[Extracted records]
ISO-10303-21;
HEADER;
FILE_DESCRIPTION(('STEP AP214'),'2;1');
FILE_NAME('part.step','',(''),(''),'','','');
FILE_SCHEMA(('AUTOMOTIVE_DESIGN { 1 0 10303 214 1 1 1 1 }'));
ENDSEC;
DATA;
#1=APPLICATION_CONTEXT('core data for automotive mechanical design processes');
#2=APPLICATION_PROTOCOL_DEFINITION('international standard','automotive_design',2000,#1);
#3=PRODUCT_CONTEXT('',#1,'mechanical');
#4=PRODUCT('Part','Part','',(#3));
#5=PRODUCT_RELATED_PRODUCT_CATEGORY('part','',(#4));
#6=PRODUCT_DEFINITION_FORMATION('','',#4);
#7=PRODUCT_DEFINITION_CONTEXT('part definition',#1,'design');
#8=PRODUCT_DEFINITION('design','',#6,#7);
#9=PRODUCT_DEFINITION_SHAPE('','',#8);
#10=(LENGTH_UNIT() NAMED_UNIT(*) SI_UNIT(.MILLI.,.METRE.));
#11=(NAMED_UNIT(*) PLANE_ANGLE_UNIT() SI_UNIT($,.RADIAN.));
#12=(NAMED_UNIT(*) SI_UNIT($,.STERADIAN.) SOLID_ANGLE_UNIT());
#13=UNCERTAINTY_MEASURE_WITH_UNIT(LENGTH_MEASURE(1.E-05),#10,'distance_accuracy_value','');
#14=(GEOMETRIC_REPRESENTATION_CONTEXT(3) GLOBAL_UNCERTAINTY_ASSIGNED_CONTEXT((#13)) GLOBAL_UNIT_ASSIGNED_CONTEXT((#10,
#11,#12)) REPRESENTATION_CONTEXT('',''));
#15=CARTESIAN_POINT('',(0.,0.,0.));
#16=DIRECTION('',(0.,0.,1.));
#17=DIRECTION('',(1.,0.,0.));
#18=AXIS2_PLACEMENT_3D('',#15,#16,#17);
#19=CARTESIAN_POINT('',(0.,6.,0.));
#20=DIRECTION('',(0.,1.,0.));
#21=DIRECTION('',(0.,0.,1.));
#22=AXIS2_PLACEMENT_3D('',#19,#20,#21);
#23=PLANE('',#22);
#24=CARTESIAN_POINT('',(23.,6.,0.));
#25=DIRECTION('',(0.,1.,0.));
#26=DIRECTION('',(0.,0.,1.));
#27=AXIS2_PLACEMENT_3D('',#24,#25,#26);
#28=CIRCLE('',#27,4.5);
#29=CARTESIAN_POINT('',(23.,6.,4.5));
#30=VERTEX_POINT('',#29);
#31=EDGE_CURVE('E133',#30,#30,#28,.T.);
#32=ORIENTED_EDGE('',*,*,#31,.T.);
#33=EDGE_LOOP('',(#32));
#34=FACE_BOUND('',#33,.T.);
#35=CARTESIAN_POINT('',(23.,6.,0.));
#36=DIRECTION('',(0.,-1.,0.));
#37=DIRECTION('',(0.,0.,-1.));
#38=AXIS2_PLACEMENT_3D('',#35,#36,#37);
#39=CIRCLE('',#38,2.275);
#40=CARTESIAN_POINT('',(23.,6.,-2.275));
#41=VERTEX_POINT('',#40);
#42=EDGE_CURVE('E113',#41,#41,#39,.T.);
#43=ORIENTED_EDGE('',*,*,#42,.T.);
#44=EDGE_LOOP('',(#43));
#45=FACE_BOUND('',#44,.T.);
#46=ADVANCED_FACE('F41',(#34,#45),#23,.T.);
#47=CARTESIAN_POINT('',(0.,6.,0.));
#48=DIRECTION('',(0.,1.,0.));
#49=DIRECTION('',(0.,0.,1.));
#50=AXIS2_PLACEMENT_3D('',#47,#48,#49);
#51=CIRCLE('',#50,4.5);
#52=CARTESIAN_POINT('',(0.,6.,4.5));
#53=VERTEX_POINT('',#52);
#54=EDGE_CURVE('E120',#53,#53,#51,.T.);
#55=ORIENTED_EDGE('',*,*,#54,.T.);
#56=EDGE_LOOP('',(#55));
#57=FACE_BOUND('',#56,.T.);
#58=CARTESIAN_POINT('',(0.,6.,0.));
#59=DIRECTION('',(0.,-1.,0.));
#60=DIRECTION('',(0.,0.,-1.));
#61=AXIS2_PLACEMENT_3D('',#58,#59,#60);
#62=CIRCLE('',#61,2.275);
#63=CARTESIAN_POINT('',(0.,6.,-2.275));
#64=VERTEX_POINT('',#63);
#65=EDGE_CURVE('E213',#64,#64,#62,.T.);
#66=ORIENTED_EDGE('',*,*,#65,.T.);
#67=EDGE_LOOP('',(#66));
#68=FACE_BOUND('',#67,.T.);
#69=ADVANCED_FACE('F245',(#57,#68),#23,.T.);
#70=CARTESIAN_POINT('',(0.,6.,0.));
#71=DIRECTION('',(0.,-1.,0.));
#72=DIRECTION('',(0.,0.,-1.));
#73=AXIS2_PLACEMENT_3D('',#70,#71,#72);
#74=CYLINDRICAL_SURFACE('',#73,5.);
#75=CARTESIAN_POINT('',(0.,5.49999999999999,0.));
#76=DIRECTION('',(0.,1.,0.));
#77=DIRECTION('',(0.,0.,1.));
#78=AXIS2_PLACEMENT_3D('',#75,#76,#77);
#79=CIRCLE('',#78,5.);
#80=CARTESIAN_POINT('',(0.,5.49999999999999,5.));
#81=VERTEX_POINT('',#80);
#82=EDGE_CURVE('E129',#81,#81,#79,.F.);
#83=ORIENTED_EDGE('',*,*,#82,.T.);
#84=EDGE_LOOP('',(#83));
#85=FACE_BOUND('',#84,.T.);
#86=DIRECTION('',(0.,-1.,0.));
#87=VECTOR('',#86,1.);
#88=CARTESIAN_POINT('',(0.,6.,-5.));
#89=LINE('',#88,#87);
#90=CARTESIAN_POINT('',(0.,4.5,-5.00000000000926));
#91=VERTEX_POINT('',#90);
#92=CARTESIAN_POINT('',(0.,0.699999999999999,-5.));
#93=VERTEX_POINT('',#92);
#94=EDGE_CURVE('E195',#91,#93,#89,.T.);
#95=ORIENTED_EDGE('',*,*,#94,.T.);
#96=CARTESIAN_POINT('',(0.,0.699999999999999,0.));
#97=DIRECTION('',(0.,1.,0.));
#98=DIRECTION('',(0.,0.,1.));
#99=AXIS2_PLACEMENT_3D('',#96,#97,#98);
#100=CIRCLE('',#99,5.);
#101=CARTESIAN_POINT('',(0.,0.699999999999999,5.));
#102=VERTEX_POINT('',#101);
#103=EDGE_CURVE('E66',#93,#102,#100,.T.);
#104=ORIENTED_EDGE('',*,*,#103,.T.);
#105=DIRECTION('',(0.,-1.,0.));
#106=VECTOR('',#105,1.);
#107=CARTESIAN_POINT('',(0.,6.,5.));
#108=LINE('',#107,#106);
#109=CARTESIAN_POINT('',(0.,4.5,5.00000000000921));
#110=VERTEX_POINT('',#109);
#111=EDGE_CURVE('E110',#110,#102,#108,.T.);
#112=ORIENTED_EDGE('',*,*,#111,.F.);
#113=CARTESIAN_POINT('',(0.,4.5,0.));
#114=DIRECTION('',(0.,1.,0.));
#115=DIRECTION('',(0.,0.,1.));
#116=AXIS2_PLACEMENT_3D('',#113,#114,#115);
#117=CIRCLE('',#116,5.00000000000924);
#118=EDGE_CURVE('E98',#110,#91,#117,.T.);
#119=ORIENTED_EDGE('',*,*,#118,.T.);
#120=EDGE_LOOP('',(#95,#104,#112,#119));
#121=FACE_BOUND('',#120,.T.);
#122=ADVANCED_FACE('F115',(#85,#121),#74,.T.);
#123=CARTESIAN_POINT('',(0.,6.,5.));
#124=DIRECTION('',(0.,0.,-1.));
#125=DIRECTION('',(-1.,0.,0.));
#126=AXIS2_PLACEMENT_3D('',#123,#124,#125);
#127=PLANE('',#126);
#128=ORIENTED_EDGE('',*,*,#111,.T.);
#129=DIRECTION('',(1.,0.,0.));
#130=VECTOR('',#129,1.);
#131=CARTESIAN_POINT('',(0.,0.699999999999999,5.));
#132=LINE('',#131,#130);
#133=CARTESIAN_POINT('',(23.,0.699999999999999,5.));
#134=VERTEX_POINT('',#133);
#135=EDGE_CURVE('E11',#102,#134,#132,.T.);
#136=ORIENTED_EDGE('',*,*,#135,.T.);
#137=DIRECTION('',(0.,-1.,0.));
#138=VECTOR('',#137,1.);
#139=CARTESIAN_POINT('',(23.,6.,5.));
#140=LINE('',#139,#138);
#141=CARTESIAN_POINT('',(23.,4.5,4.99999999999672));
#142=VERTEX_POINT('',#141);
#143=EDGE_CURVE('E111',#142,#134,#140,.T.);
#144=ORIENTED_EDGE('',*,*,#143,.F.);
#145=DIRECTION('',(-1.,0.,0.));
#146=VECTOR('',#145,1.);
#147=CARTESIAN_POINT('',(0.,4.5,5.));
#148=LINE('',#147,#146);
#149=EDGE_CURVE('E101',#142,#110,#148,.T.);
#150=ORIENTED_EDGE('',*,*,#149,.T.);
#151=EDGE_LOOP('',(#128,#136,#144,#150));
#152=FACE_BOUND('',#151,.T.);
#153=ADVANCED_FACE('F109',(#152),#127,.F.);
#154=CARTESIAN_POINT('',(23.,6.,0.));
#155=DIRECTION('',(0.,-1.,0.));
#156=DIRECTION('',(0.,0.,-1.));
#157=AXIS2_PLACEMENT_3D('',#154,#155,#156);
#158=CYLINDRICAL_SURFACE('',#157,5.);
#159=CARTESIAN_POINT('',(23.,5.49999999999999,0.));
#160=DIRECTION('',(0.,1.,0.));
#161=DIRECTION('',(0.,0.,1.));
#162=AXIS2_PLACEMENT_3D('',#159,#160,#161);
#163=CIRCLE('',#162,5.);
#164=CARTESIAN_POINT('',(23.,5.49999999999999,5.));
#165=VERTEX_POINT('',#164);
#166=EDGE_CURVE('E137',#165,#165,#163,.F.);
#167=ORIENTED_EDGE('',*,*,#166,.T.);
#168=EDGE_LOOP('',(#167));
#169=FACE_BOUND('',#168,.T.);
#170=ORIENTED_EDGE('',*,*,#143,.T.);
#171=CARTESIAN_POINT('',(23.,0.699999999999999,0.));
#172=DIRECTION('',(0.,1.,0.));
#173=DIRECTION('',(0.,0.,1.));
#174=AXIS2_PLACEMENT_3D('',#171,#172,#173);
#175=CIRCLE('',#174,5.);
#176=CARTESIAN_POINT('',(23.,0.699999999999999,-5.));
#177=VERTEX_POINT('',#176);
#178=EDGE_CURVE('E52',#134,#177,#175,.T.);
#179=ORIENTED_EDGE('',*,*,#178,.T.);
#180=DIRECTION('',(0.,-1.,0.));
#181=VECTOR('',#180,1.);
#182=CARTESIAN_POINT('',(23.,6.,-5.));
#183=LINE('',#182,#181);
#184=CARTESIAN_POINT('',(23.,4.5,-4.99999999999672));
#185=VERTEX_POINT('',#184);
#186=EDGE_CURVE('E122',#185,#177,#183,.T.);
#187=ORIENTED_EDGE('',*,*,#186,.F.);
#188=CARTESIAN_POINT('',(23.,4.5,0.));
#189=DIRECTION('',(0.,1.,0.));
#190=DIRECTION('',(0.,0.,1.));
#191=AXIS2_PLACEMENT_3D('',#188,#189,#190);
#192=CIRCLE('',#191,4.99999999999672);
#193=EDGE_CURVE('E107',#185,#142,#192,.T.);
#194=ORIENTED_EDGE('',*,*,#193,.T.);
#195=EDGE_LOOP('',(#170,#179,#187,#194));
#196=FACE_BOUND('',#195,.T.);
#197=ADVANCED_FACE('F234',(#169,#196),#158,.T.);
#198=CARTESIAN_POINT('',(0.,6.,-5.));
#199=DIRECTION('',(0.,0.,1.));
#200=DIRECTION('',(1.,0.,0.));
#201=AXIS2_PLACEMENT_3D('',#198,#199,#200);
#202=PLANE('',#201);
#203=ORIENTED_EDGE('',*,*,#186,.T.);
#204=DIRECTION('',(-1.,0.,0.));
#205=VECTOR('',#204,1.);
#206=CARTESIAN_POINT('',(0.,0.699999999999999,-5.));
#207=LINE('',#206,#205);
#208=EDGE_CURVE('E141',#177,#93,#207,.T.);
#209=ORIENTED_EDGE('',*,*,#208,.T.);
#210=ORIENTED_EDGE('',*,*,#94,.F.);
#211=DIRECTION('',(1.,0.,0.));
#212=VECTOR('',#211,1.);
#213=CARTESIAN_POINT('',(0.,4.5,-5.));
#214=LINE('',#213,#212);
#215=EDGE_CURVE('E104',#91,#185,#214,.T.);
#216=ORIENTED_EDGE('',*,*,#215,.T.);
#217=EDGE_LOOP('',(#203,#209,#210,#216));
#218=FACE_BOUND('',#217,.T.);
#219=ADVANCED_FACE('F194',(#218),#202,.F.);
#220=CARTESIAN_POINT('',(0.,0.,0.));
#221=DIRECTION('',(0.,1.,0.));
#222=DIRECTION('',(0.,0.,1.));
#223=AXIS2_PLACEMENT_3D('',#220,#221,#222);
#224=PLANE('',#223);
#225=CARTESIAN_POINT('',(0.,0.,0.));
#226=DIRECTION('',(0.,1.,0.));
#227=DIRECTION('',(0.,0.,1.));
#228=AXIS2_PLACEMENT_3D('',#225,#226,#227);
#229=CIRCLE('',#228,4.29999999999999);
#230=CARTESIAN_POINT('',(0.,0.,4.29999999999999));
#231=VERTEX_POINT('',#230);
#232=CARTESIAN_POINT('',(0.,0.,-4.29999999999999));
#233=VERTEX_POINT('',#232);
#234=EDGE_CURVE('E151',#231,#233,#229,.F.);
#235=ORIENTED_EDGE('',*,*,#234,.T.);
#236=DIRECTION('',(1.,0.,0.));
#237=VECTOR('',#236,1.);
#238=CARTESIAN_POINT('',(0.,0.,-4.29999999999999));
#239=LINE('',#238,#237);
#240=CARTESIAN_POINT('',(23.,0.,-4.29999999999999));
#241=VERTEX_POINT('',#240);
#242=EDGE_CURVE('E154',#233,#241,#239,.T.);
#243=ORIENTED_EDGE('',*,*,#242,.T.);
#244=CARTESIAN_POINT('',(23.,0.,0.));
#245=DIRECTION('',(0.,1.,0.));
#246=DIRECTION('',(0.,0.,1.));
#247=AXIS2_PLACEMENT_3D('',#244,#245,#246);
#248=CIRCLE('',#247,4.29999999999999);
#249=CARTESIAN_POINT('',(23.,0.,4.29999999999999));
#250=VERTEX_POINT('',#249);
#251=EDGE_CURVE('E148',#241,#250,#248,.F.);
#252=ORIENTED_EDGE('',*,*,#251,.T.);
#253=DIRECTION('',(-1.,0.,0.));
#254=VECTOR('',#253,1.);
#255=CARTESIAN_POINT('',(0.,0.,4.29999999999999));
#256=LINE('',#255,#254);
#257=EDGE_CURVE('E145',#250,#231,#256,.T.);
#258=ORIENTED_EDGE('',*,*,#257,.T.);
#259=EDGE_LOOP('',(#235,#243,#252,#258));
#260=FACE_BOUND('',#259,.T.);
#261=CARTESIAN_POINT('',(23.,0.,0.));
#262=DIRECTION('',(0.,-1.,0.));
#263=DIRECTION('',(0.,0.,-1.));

▶ [Exercise aim]
Return word for word the lines above from the line with "#132=LINE('',#131,#130);" to the line with "#178=EDGE_CURVE('E52',#134,#177,#175,.T.);", including both and leaving out all others.

▶ [Response to the exercise]
#132=LINE('',#131,#130);
#133=CARTESIAN_POINT('',(23.,0.699999999999999,5.));
#134=VERTEX_POINT('',#133);
#135=EDGE_CURVE('E11',#102,#134,#132,.T.);
#136=ORIENTED_EDGE('',*,*,#135,.T.);
#137=DIRECTION('',(0.,-1.,0.));
#138=VECTOR('',#137,1.);
#139=CARTESIAN_POINT('',(23.,6.,5.));
#140=LINE('',#139,#138);
#141=CARTESIAN_POINT('',(23.,4.5,4.99999999999672));
#142=VERTEX_POINT('',#141);
#143=EDGE_CURVE('E111',#142,#134,#140,.T.);
#144=ORIENTED_EDGE('',*,*,#143,.F.);
#145=DIRECTION('',(-1.,0.,0.));
#146=VECTOR('',#145,1.);
#147=CARTESIAN_POINT('',(0.,4.5,5.));
#148=LINE('',#147,#146);
#149=EDGE_CURVE('E101',#142,#110,#148,.T.);
#150=ORIENTED_EDGE('',*,*,#149,.T.);
#151=EDGE_LOOP('',(#128,#136,#144,#150));
#152=FACE_BOUND('',#151,.T.);
#153=ADVANCED_FACE('F109',(#152),#127,.F.);
#154=CARTESIAN_POINT('',(23.,6.,0.));
#155=DIRECTION('',(0.,-1.,0.));
#156=DIRECTION('',(0.,0.,-1.));
#157=AXIS2_PLACEMENT_3D('',#154,#155,#156);
#158=CYLINDRICAL_SURFACE('',#157,5.);
#159=CARTESIAN_POINT('',(23.,5.49999999999999,0.));
#160=DIRECTION('',(0.,1.,0.));
#161=DIRECTION('',(0.,0.,1.));
#162=AXIS2_PLACEMENT_3D('',#159,#160,#161);
#163=CIRCLE('',#162,5.);
#164=CARTESIAN_POINT('',(23.,5.49999999999999,5.));
#165=VERTEX_POINT('',#164);
#166=EDGE_CURVE('E137',#165,#165,#163,.F.);
#167=ORIENTED_EDGE('',*,*,#166,.T.);
#168=EDGE_LOOP('',(#167));
#169=FACE_BOUND('',#168,.T.);
#170=ORIENTED_EDGE('',*,*,#143,.T.);
#171=CARTESIAN_POINT('',(23.,0.699999999999999,0.));
#172=DIRECTION('',(0.,1.,0.));
#173=DIRECTION('',(0.,0.,1.));
#174=AXIS2_PLACEMENT_3D('',#171,#172,#173);
#175=CIRCLE('',#174,5.);
#176=CARTESIAN_POINT('',(23.,0.699999999999999,-5.));
#177=VERTEX_POINT('',#176);
#178=EDGE_CURVE('E52',#134,#177,#175,.T.);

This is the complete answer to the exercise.